- Given records
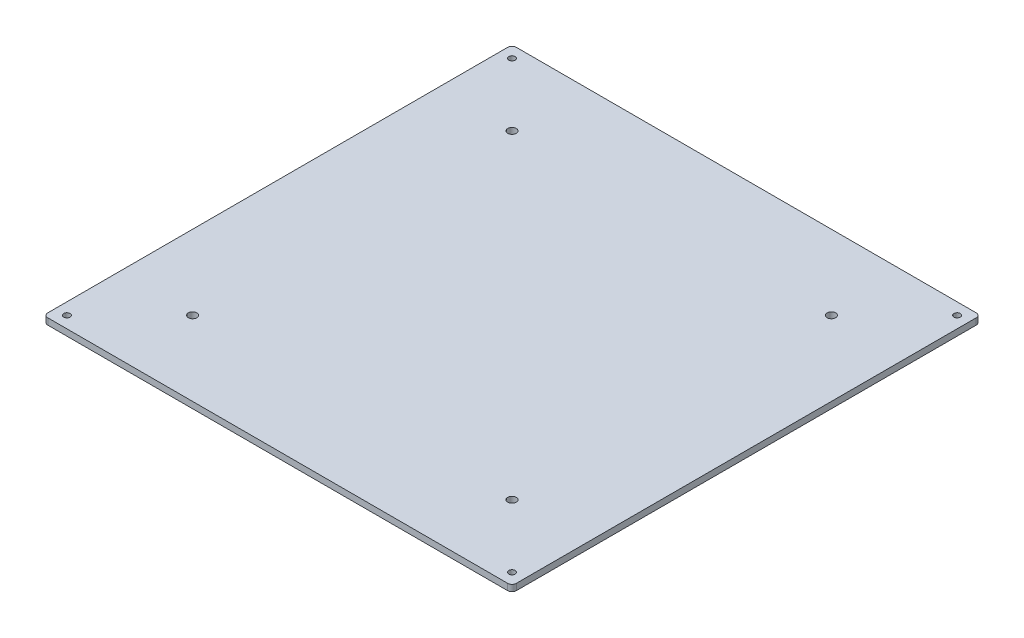
ISO-10303-21;
HEADER;
FILE_DESCRIPTION(('STEP AP214'),'2;1');
FILE_NAME('part.step','',(''),(''),'','','');
FILE_SCHEMA(('AUTOMOTIVE_DESIGN { 1 0 10303 214 1 1 1 1 }'));
ENDSEC;
DATA;
#1=APPLICATION_CONTEXT('core data for automotive mechanical design processes');
#2=APPLICATION_PROTOCOL_DEFINITION('international standard','automotive_design',2000,#1);
#3=PRODUCT_CONTEXT('',#1,'mechanical');
#4=PRODUCT('Part','Part','',(#3));
#5=PRODUCT_RELATED_PRODUCT_CATEGORY('part','',(#4));
#6=PRODUCT_DEFINITION_FORMATION('','',#4);
#7=PRODUCT_DEFINITION_CONTEXT('part definition',#1,'design');
#8=PRODUCT_DEFINITION('design','',#6,#7);
#9=PRODUCT_DEFINITION_SHAPE('','',#8);
#10=(LENGTH_UNIT() NAMED_UNIT(*) SI_UNIT(.MILLI.,.METRE.));
#11=(NAMED_UNIT(*) PLANE_ANGLE_UNIT() SI_UNIT($,.RADIAN.));
#12=(NAMED_UNIT(*) SI_UNIT($,.STERADIAN.) SOLID_ANGLE_UNIT());
#13=UNCERTAINTY_MEASURE_WITH_UNIT(LENGTH_MEASURE(1.E-05),#10,'distance_accuracy_value','');
#14=(GEOMETRIC_REPRESENTATION_CONTEXT(3) GLOBAL_UNCERTAINTY_ASSIGNED_CONTEXT((#13)) GLOBAL_UNIT_ASSIGNED_CONTEXT((#10,
#11,#12)) REPRESENTATION_CONTEXT('',''));
#15=CARTESIAN_POINT('',(0.,0.,0.));
#16=DIRECTION('',(0.,0.,1.));
#17=DIRECTION('',(1.,0.,0.));
#18=AXIS2_PLACEMENT_3D('',#15,#16,#17);
#19=CARTESIAN_POINT('',(-110.,3.,110.));
#20=DIRECTION('',(1.,0.,0.));
#21=DIRECTION('',(0.,0.,-1.));
#22=AXIS2_PLACEMENT_3D('',#19,#20,#21);
#23=PLANE('',#22);
#24=DIRECTION('',(0.,0.,1.));
#25=VECTOR('',#24,1.);
#26=CARTESIAN_POINT('',(-110.,3.,110.));
#27=LINE('',#26,#25);
#28=CARTESIAN_POINT('',(-110.,3.,-108.));
#29=VERTEX_POINT('',#28);
#30=CARTESIAN_POINT('',(-110.,3.,108.));
#31=VERTEX_POINT('',#30);
#32=EDGE_CURVE('E119',#29,#31,#27,.T.);
#33=ORIENTED_EDGE('',*,*,#32,.F.);
#34=DIRECTION('',(0.,-1.,0.));
#35=VECTOR('',#34,1.);
#36=CARTESIAN_POINT('',(-110.,3.,-108.));
#37=LINE('',#36,#35);
#38=CARTESIAN_POINT('',(-110.,0.,-108.));
#39=VERTEX_POINT('',#38);
#40=EDGE_CURVE('E104',#29,#39,#37,.T.);
#41=ORIENTED_EDGE('',*,*,#40,.T.);
#42=DIRECTION('',(0.,0.,1.));
#43=VECTOR('',#42,1.);
#44=CARTESIAN_POINT('',(-110.,0.,110.));
#45=LINE('',#44,#43);
#46=CARTESIAN_POINT('',(-110.,0.,108.));
#47=VERTEX_POINT('',#46);
#48=EDGE_CURVE('E116',#39,#47,#45,.T.);
#49=ORIENTED_EDGE('',*,*,#48,.T.);
#50=DIRECTION('',(0.,-1.,0.));
#51=VECTOR('',#50,1.);
#52=CARTESIAN_POINT('',(-110.,3.,108.));
#53=LINE('',#52,#51);
#54=EDGE_CURVE('E121',#47,#31,#53,.F.);
#55=ORIENTED_EDGE('',*,*,#54,.T.);
#56=EDGE_LOOP('',(#33,#41,#49,#55));
#57=FACE_BOUND('',#56,.T.);
#58=ADVANCED_FACE('F34',(#57),#23,.F.);
#59=CARTESIAN_POINT('',(110.,3.,110.));
#60=DIRECTION('',(0.,0.,-1.));
#61=DIRECTION('',(-1.,0.,0.));
#62=AXIS2_PLACEMENT_3D('',#59,#60,#61);
#63=PLANE('',#62);
#64=DIRECTION('',(1.,0.,0.));
#65=VECTOR('',#64,1.);
#66=CARTESIAN_POINT('',(110.,0.,110.));
#67=LINE('',#66,#65);
#68=CARTESIAN_POINT('',(-108.,0.,110.));
#69=VERTEX_POINT('',#68);
#70=CARTESIAN_POINT('',(108.,0.,110.));
#71=VERTEX_POINT('',#70);
#72=EDGE_CURVE('E125',#69,#71,#67,.T.);
#73=ORIENTED_EDGE('',*,*,#72,.T.);
#74=DIRECTION('',(0.,-1.,0.));
#75=VECTOR('',#74,1.);
#76=CARTESIAN_POINT('',(108.,3.,110.));
#77=LINE('',#76,#75);
#78=CARTESIAN_POINT('',(108.,3.,110.));
#79=VERTEX_POINT('',#78);
#80=EDGE_CURVE('E11',#71,#79,#77,.F.);
#81=ORIENTED_EDGE('',*,*,#80,.T.);
#82=DIRECTION('',(1.,0.,0.));
#83=VECTOR('',#82,1.);
#84=CARTESIAN_POINT('',(110.,3.,110.));
#85=LINE('',#84,#83);
#86=CARTESIAN_POINT('',(-108.,3.,110.));
#87=VERTEX_POINT('',#86);
#88=EDGE_CURVE('E186',#87,#79,#85,.T.);
#89=ORIENTED_EDGE('',*,*,#88,.F.);
#90=DIRECTION('',(0.,-1.,0.));
#91=VECTOR('',#90,1.);
#92=CARTESIAN_POINT('',(-108.,3.,110.));
#93=LINE('',#92,#91);
#94=EDGE_CURVE('E42',#87,#69,#93,.T.);
#95=ORIENTED_EDGE('',*,*,#94,.T.);
#96=EDGE_LOOP('',(#73,#81,#89,#95));
#97=FACE_BOUND('',#96,.T.);
#98=ADVANCED_FACE('F184',(#97),#63,.F.);
#99=CARTESIAN_POINT('',(110.,3.,110.));
#100=DIRECTION('',(-1.,0.,0.));
#101=DIRECTION('',(0.,0.,1.));
#102=AXIS2_PLACEMENT_3D('',#99,#100,#101);
#103=PLANE('',#102);
#104=DIRECTION('',(0.,0.,-1.));
#105=VECTOR('',#104,1.);
#106=CARTESIAN_POINT('',(110.,0.,110.));
#107=LINE('',#106,#105);
#108=CARTESIAN_POINT('',(110.,0.,108.));
#109=VERTEX_POINT('',#108);
#110=CARTESIAN_POINT('',(110.,0.,-108.));
#111=VERTEX_POINT('',#110);
#112=EDGE_CURVE('E129',#109,#111,#107,.T.);
#113=ORIENTED_EDGE('',*,*,#112,.T.);
#114=DIRECTION('',(0.,-1.,0.));
#115=VECTOR('',#114,1.);
#116=CARTESIAN_POINT('',(110.,3.,-108.));
#117=LINE('',#116,#115);
#118=CARTESIAN_POINT('',(110.,3.,-108.));
#119=VERTEX_POINT('',#118);
#120=EDGE_CURVE('E49',#111,#119,#117,.F.);
#121=ORIENTED_EDGE('',*,*,#120,.T.);
#122=DIRECTION('',(0.,0.,-1.));
#123=VECTOR('',#122,1.);
#124=CARTESIAN_POINT('',(110.,3.,110.));
#125=LINE('',#124,#123);
#126=CARTESIAN_POINT('',(110.,3.,108.));
#127=VERTEX_POINT('',#126);
#128=EDGE_CURVE('E194',#127,#119,#125,.T.);
#129=ORIENTED_EDGE('',*,*,#128,.F.);
#130=DIRECTION('',(0.,-1.,0.));
#131=VECTOR('',#130,1.);
#132=CARTESIAN_POINT('',(110.,3.,108.));
#133=LINE('',#132,#131);
#134=EDGE_CURVE('E177',#127,#109,#133,.T.);
#135=ORIENTED_EDGE('',*,*,#134,.T.);
#136=EDGE_LOOP('',(#113,#121,#129,#135));
#137=FACE_BOUND('',#136,.T.);
#138=ADVANCED_FACE('F193',(#137),#103,.F.);
#139=CARTESIAN_POINT('',(110.,3.,-110.));
#140=DIRECTION('',(0.,0.,1.));
#141=DIRECTION('',(1.,0.,0.));
#142=AXIS2_PLACEMENT_3D('',#139,#140,#141);
#143=PLANE('',#142);
#144=DIRECTION('',(-1.,0.,0.));
#145=VECTOR('',#144,1.);
#146=CARTESIAN_POINT('',(110.,0.,-110.));
#147=LINE('',#146,#145);
#148=CARTESIAN_POINT('',(108.,0.,-110.));
#149=VERTEX_POINT('',#148);
#150=CARTESIAN_POINT('',(-108.,0.,-110.));
#151=VERTEX_POINT('',#150);
#152=EDGE_CURVE('E139',#149,#151,#147,.T.);
#153=ORIENTED_EDGE('',*,*,#152,.T.);
#154=DIRECTION('',(0.,-1.,0.));
#155=VECTOR('',#154,1.);
#156=CARTESIAN_POINT('',(-108.,3.,-110.));
#157=LINE('',#156,#155);
#158=CARTESIAN_POINT('',(-108.,3.,-110.));
#159=VERTEX_POINT('',#158);
#160=EDGE_CURVE('E105',#151,#159,#157,.F.);
#161=ORIENTED_EDGE('',*,*,#160,.T.);
#162=DIRECTION('',(-1.,0.,0.));
#163=VECTOR('',#162,1.);
#164=CARTESIAN_POINT('',(110.,3.,-110.));
#165=LINE('',#164,#163);
#166=CARTESIAN_POINT('',(108.,3.,-110.));
#167=VERTEX_POINT('',#166);
#168=EDGE_CURVE('E135',#167,#159,#165,.T.);
#169=ORIENTED_EDGE('',*,*,#168,.F.);
#170=DIRECTION('',(0.,-1.,0.));
#171=VECTOR('',#170,1.);
#172=CARTESIAN_POINT('',(108.,3.,-110.));
#173=LINE('',#172,#171);
#174=EDGE_CURVE('E110',#167,#149,#173,.T.);
#175=ORIENTED_EDGE('',*,*,#174,.T.);
#176=EDGE_LOOP('',(#153,#161,#169,#175));
#177=FACE_BOUND('',#176,.T.);
#178=ADVANCED_FACE('F230',(#177),#143,.F.);
#179=CARTESIAN_POINT('',(0.,3.,0.));
#180=DIRECTION('',(0.,1.,0.));
#181=DIRECTION('',(0.,0.,1.));
#182=AXIS2_PLACEMENT_3D('',#179,#180,#181);
#183=PLANE('',#182);
#184=CARTESIAN_POINT('',(75.0000000000001,3.,-75.));
#185=DIRECTION('',(0.,1.,0.));
#186=DIRECTION('',(0.,0.,1.));
#187=AXIS2_PLACEMENT_3D('',#184,#185,#186);
#188=CIRCLE('',#187,2.);
#189=CARTESIAN_POINT('',(75.0000000000001,3.,-73.));
#190=VERTEX_POINT('',#189);
#191=EDGE_CURVE('E202',#190,#190,#188,.T.);
#192=ORIENTED_EDGE('',*,*,#191,.F.);
#193=EDGE_LOOP('',(#192));
#194=FACE_BOUND('',#193,.T.);
#195=CARTESIAN_POINT('',(75.0000000000001,3.,75.));
#196=DIRECTION('',(0.,1.,0.));
#197=DIRECTION('',(0.,0.,1.));
#198=AXIS2_PLACEMENT_3D('',#195,#196,#197);
#199=CIRCLE('',#198,2.);
#200=CARTESIAN_POINT('',(75.0000000000001,3.,77.));
#201=VERTEX_POINT('',#200);
#202=EDGE_CURVE('E210',#201,#201,#199,.T.);
#203=ORIENTED_EDGE('',*,*,#202,.F.);
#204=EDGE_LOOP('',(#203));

- Prompt
Pictures stay out. Print the lines of the records above exactly, from the first through the one with "#1=APPLICATION_CONTEXT('core data for".

- Answer for this exercise
ISO-10303-21;
HEADER;
FILE_DESCRIPTION(('STEP AP214'),'2;1');
FILE_NAME('part.step','',(''),(''),'','','');
FILE_SCHEMA(('AUTOMOTIVE_DESIGN { 1 0 10303 214 1 1 1 1 }'));
ENDSEC;
DATA;
#1=APPLICATION_CONTEXT('core data for automotive mechanical design processes');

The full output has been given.